Mistake #2: Checklist Mentality: For many, estate planning is just the preparation of legal documents. Once the documents are signed, the client crosses off estate planning from his or her to-do list and moves on. And truth be told, the legal industry itself is guilty of creating this misperception. But don’t be fooled! Your circumstances may (and usually will) change. And the likelihood of this happening increases as time goes by. To ensure your estate planning objectives are carried out, you should update your estate plan every time a major (or sometimes, minor) life changes happen – such as retirement.
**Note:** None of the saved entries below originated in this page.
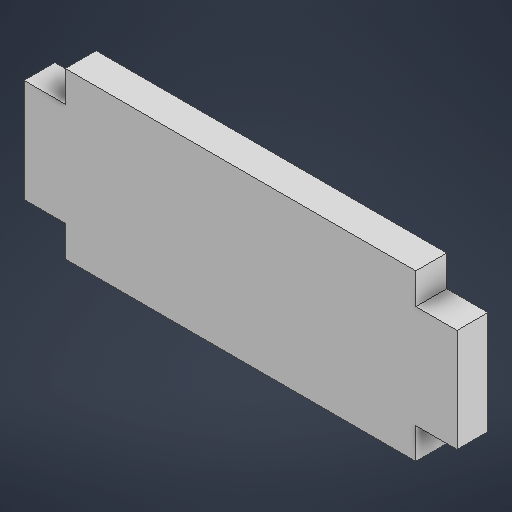
# Autodesk Inventor part: Frontrail
Saved by Autodesk Inventor 2027 (Build 310192000, 192)
## iProperties
Created: 2026-05-13
Part Number: Frontrail
Material: Generic
Document SubType Name: Modeling
Designer: alexy
Density: 1 g/cm^3
Appearance: Default
Author: alexy
Autodesk Inventor part; units mm, degrees
ref_plane "YZ Plane" through (0, 0, 0) normal (1, 0, 0) x (0, 1, 0)
ref_plane "XZ Plane" through (0, 0, 0) normal (0, 1, 0) x (-1, 0, 0)
ref_plane "XY Plane" through (0, 0, 0) normal (0, 0, 1) x (1, 0, 0)
sketch "Sketch1" plane through (0, 0, 0) normal (0, 0, 1) x (1, 0, 0)
  line L0 (0, 0) -> (34, 0)
  line L1 (34, 0) -> (34, 16)
  line L2 (34, 16) -> (0, 16)
  line L3 (0, 16) -> (0, 0)
  line L4 (-4, 13) -> (0, 13)
  line L5 (0, 13) -> (0, 3)
  line L6 (0, 3) -> (-4, 3)
  line L7 (-4, 3) -> (-4, 13)
  line L8 (-4, 13) -> (0, 3) construction
  line L9 (0, 13) -> (-4, 3) construction
  line L10 (38, 13) -> (34, 13)
  line L11 (34, 13) -> (34, 3)
  line L12 (34, 3) -> (38, 3)
  line L13 (38, 3) -> (38, 13)
  line L14 (38, 13) -> (34, 3) construction
  line L15 (34, 13) -> (38, 3) construction
  point P0 (-2, 8)
  point P1 (36, 8)
  point P2 (0, 8)
  point P3 (0, 8)
  point P4 (0, 13)
  dimension "d0" = 34
  dimension "d1" = 16
  dimension "d2" = 4
  dimension "d3" = 4
  dimension "d4" = 10
  dimension "d5" = 10
  constraints: 32 end point, 6 midpoint, 6 parallel, 3 horizontal, 3 perpendicular, 2 horizontal alignment, 2 point on line
  measures "d0" distance of L1.end L2.end
  measures "d1" distance of L0.end L1.end
  measures "d2" distance of L10.start L10.end
  measures "d3" distance of L4.start L4.end
  measures "d4" distance of L6.end L4.start
  measures "d5" distance of L12.end L10.start
extrude "Extrusion1" add sketch "Sketch1" along normal blind 3
body "Solid1"
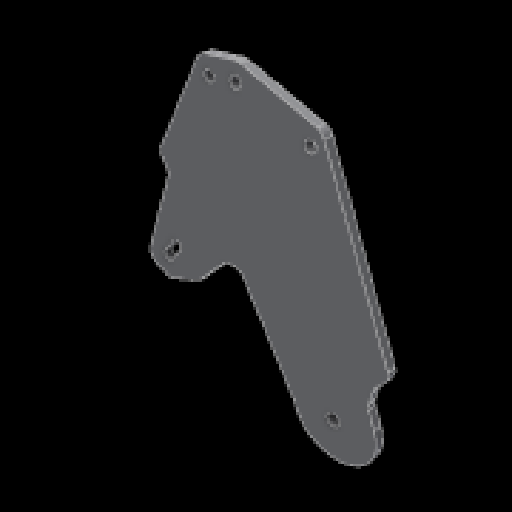
# Autodesk Inventor part: Knee
Saved by Autodesk Inventor 2025.2 (Build 292293000, 293)
## iProperties
Created: 2020-05-16
Part Number: Knee
Material: Generic
Document SubType Name: Sheet Metal
Designer: valer
Density: 1 g/cm^3
Sheet Metal Rule: Default
Appearance: Default
Author: valer
Autodesk Inventor part; units mm, degrees
ref_plane "YZ Plane" through (0, 0, 0) normal (1, 0, 0) x (0, 1, 0)
ref_plane "XZ Plane" through (0, 0, 0) normal (0, 1, 0) x (-1, 0, 0)
ref_plane "XY Plane" through (0, 0, 0) normal (0, 0, 1) x (1, 0, 0)
sketch "Base" plane through (0, 0, 0) normal (0, 0, 1) x (1, 0, 0)
  line L0 (0, 0) -> (-33.5334, -57.9479)
  line L1 (22.7363, 2.3748) -> (0, 0)
  line L2 (68.7163, -13.2577) -> (22.7363, 2.3748)
  line L3 (-33.5334, -57.9479) -> (-26.9158, -67.5067)
  line L4 (-26.9158, -67.5067) -> (-51.547, -128.5125)
  line L5 (-51.547, -128.5125) -> (-33.4114, -135.8348)
  line L6 (-26.9158, -67.5067) -> (12.6221, -101.6388) construction
  line L7 (12.6221, -101.6388) -> (22.7363, -101.0656)
  line L8 (12.6221, -101.6388) -> (-8.1441, -124.1457)
  line L9 (-33.4114, -135.8348) -> (-8.1441, -124.1457)
  line L10 (22.7363, 2.3748) -> (68.7163, -13.2577)
  line L11 (68.7163, -13.2577) -> (112.7039, -111.8391)
  line L12 (22.7363, 2.3748) -> (22.7363, -101.0656) construction
  line L13 (22.7363, -101.0656) -> (65.9464, -171.4033)
  line L14 (112.7039, -111.8391) -> (105.2475, -122.1197)
  line L15 (22.7363, -101.0656) -> (112.7039, -111.8391) construction
  line L16 (105.2475, -122.1197) -> (103.571, -134.8197)
  line L17 (103.571, -134.8197) -> (108.4402, -146.5492)
  line L18 (65.9464, -171.4033) -> (74.9694, -180.3406)
  line L19 (108.4402, -146.5492) -> (74.9694, -180.3406)
  circle A0 centre (85.3652, -157.1655) radius 25.4
  line L20 (-42.4792, -132.1736) -> (22.7363, -49.3454) construction
  line L21 (-33.0514, -120.1997) -> (-25.1949, -110.2215) construction
  line L22 (-35.546, -118.2356) -> (-27.6895, -108.2573)
  line L23 (-22.7004, -112.1856) -> (-30.5568, -122.1638)
  arc A1 (-35.546, -118.2356) -> (-30.5568, -122.1638) centre (-33.0514, -120.1997) ccw
  arc A2 (-22.7004, -112.1856) -> (-27.6895, -108.2573) centre (-25.1949, -110.2215) ccw
  circle A3 centre (85.3652, -157.1655) radius 4
  line L24 (0, -219.5535) -> (0, 39.3628)
  point P0 (-29.1232, -115.2106)
  point P1 (60.5618, -162.6381)
  dimension "d4" = 50.8
  dimension "d5" = 22.86
  dimension "d6" = 155.26
  dimension "d7" = 126.02
  dimension "d8" = 48.5647
  dimension "d9" = 66.9511
  dimension "d10" = 132.824
  dimension "d11" = 107.95
  dimension "d12" = 115.248
  dimension "d13" = 11.6259
  dimension "d14" = 65.7906
  dimension "d15" = 19.558
  dimension "d16" = 120
  dimension "d17" = 12.7
  dimension "d18" = 12.7
  dimension "d19" = 12.7
  dimension "d20" = 82.55
  dimension "d21" = 12.7
  dimension "d24" = 15.24
  dimension "d26" = 12.7
  dimension "d31" = 8
  dimension "d32" = 95.963
  dimension "d33" = 38.215
  dimension "d34" = 22.545
  dimension "d35" = 7.52
  dimension "d36" = 44.727
  dimension "d37" = 31.563
  dimension "d38" = 86.757
  dimension "d39" = 42.697
  dimension "d40" = 49.197
  dimension "d41" = 114.826
  dimension "d47" = 105.4209
  dimension "d48" = 62.051
  dimension "d75" = 3.175
  measures "d4" diameter of A0
  measures "d5" distance of L1.start L1.end
  measures "d6" angle of L2 L1
  measures "d7" angle of L0 L1
  measures "d8" distance of L2.start L1.start
  measures "d9" distance of L1.end L3.start
  measures "d10" angle of L2 L11
  measures "d11" distance of L2.start L11.end
  measures "d12" angle of L0 L3
  measures "d13" distance of L3.start L3.end
  measures "d14" distance of L3.end L4.end
  measures "d15" distance of L4.end L5.end
  measures "d16" angle of L14 L11
  measures "d17" distance of L11.end L16.start
  measures "d18" vertical distance of L16.start L16.end
  measures "d19" distance of L16.end L19.start
  measures "d20" distance of L7.end L13.end
  measures "d21" distance of L13.end L18.end
  measures "d24" distance of L20.start L21.start
  measures "d26" distance of L22.start L22.end
  measures "d31" diameter of A3
  measures "d32" angle of L24 L1
  measures "d33" angle of L24 L23
  measures "d34" angle of L17 L24
  measures "d35" angle of L16 L24
  measures "d36" angle of L19 L24
  measures "d37" angle of L13 L24
  measures "d38" angle of L7 L24
  measures "d39" angle of L8 L24
  measures "d40" angle of L6 L24
  measures "d41" angle of L9 L24
  measures "d47" distance of L20.start L20.end
  measures "d48" angle of L1 L4
  measures "d75" radius of A1
extrude "Plate1" add sketch "Base" along normal blind 5
fillet "OutsideFilletsFeature" radius 6.35 14 edges at (68.7163, -13.2577, 2.5) (22.7363, 2.3748, 2.5) (0, 0, 2.5) (-33.5334, -57.9479, 2.5) (-26.9158, -67.5067, 2.5) (-51.547, -128.5125, 2.5) (-33.4114, -135.8348, 2.5) (-8.1441, -124.1457, 2.5) (12.6221, -101.6388, 2.5) (22.7363, -101.0656, 2.5) (60.5618, -162.6381, 2.5) (103.571, -134.8197, 2.5) (105.2475, -122.1197, 2.5) (112.7039, -111.8391, 2.5)
sketch "MountHoles" plane through (0, 0, 5) normal (0, 0, 1) x (1, 0, 0)
  line L0 (-1.6199, -2.7989) -> (-30.9807, -53.5288) construction
  arc A0 (3.2163, 0.3359) -> (-1.6199, -2.7989) centre (3.876, -5.9797) ccw construction
  line L1 (21.3511, 2.2301) -> (3.2163, 0.3359) construction
  arc A1 (24.0549, 1.9264) -> (21.3511, 2.2301) centre (22.0108, -4.0856) ccw construction
  arc A2 (69.8461, -15.7897) -> (66.0912, -12.3652) centre (64.0472, -18.3772) ccw construction
  line L2 (24.0548, 1.9265) -> (66.0912, -12.3652) construction
  line L3 (66.0912, -12.3652) -> (24.0548, 1.9265) construction
  line L4 (-20.7142, -54.4632) -> (5.7075, -8.8047) construction
  line L5 (5.7075, -8.8047) -> (21.6681, -7.1377) construction
  line L6 (21.6681, -7.1377) -> (66.0912, -22.2408) construction
  line L7 (-31.5169, -54.4632) -> (-1.6198, -2.7992) construction
  line L8 (3.2166, 0.336) -> (21.3512, 2.2301) construction
  line L9 (24.0548, 1.9265) -> (66.0912, -12.3652) construction
  line L10 (-31.5169, -54.4632) -> (-20.7142, -54.4632) construction
  line L11 (66.0912, -22.2408) -> (66.0912, -12.3652) construction
  circle A3 centre (5.7075, -8.8047) radius 3
  circle A4 centre (21.6681, -7.1377) radius 3
  circle A5 centre (63.2509, -21.2751) radius 3
  point P0 (0, 0)
  dimension "d49" = 9.35
  dimension "d50" = 9.35
  dimension "d51" = 9.35
  dimension "d52" = 6
  dimension "d53" = 6
  dimension "d54" = 6
  dimension "d55" = 3
  constraints: 10 end point, 3 centre point, 3 parallel, 2 coincident, 1 horizontal, 1 perpendicular, 1 point on line
  measures "d49" distance between parallel lines of L4 L7
  measures "d50" distance between parallel lines of L1 L5
  measures "d51" distance between parallel lines of L2 L6
  measures "d52" diameter of A3
  measures "d53" diameter of A4
  measures "d54" diameter of A5
  measures "d55" distance of L6.end A5.centre
extrude "MountHolesFeature" cut sketch "MountHoles" against normal blind 5
equation "\"d50\" = d49"
equation "\"d51\" = d49"
equation "\"d56\" = Thickness"
equation "\"d42\" = Thickness"
equation "\"BendRadius\" = Thickness"
equation "\"BendReliefWidth\" = Thickness"
equation "\"BendReliefDepth\" = 0.5 * Thickness"
equation "\"TransitionRadius\" = BendRadius"
equation "\"JacobiRadiusSize\" = BendRadius"
equation "\"GapSize\" = Thickness"
equation "\"Thickness\" = 5"
body "Solid1"

Mistake #3: Not Completing Your Estate Planning Homework: Just because the estate planning documents have been signed does not necessarily mean that the planning is complete. It is important that any assets which need to be retitled are done so as soon as possible, before you forget. If the ownership or designations on financial accounts and property do not align with your estate planning strategy, there can be major problems in the future. Improper titling of financial accounts or property can result in an unexpected or undesirable distribution. This can happen because you may make one plan through your will or trust, but the ultimate determination of who inherits will rely on the ownership or beneficiary designation of those assets upon your death.
Mistake #4: Leaving Out Little (And Not So Little) Things: It is important to consider all forms of property, not just the high-value assets when putting together an estate plan. Some of the most commonly overlooked assets include digital assets and family pets. If not expressly addressed in your estate plan, your family may end up fighting over valuable assets, abandoning those they deem worthless, or not even realizing certain assets existed.
Mistake #5: Not Preparing for Life Events & Emergencies: No one has a crystal ball. However, with proper estate planning, you may be able to weather the storm brought on by some of life’s unexpected events or emergencies. With long term care costs increasing year after year, planning for the future possibility of that level of care can save you money and reduce worry if and when it becomes necessary.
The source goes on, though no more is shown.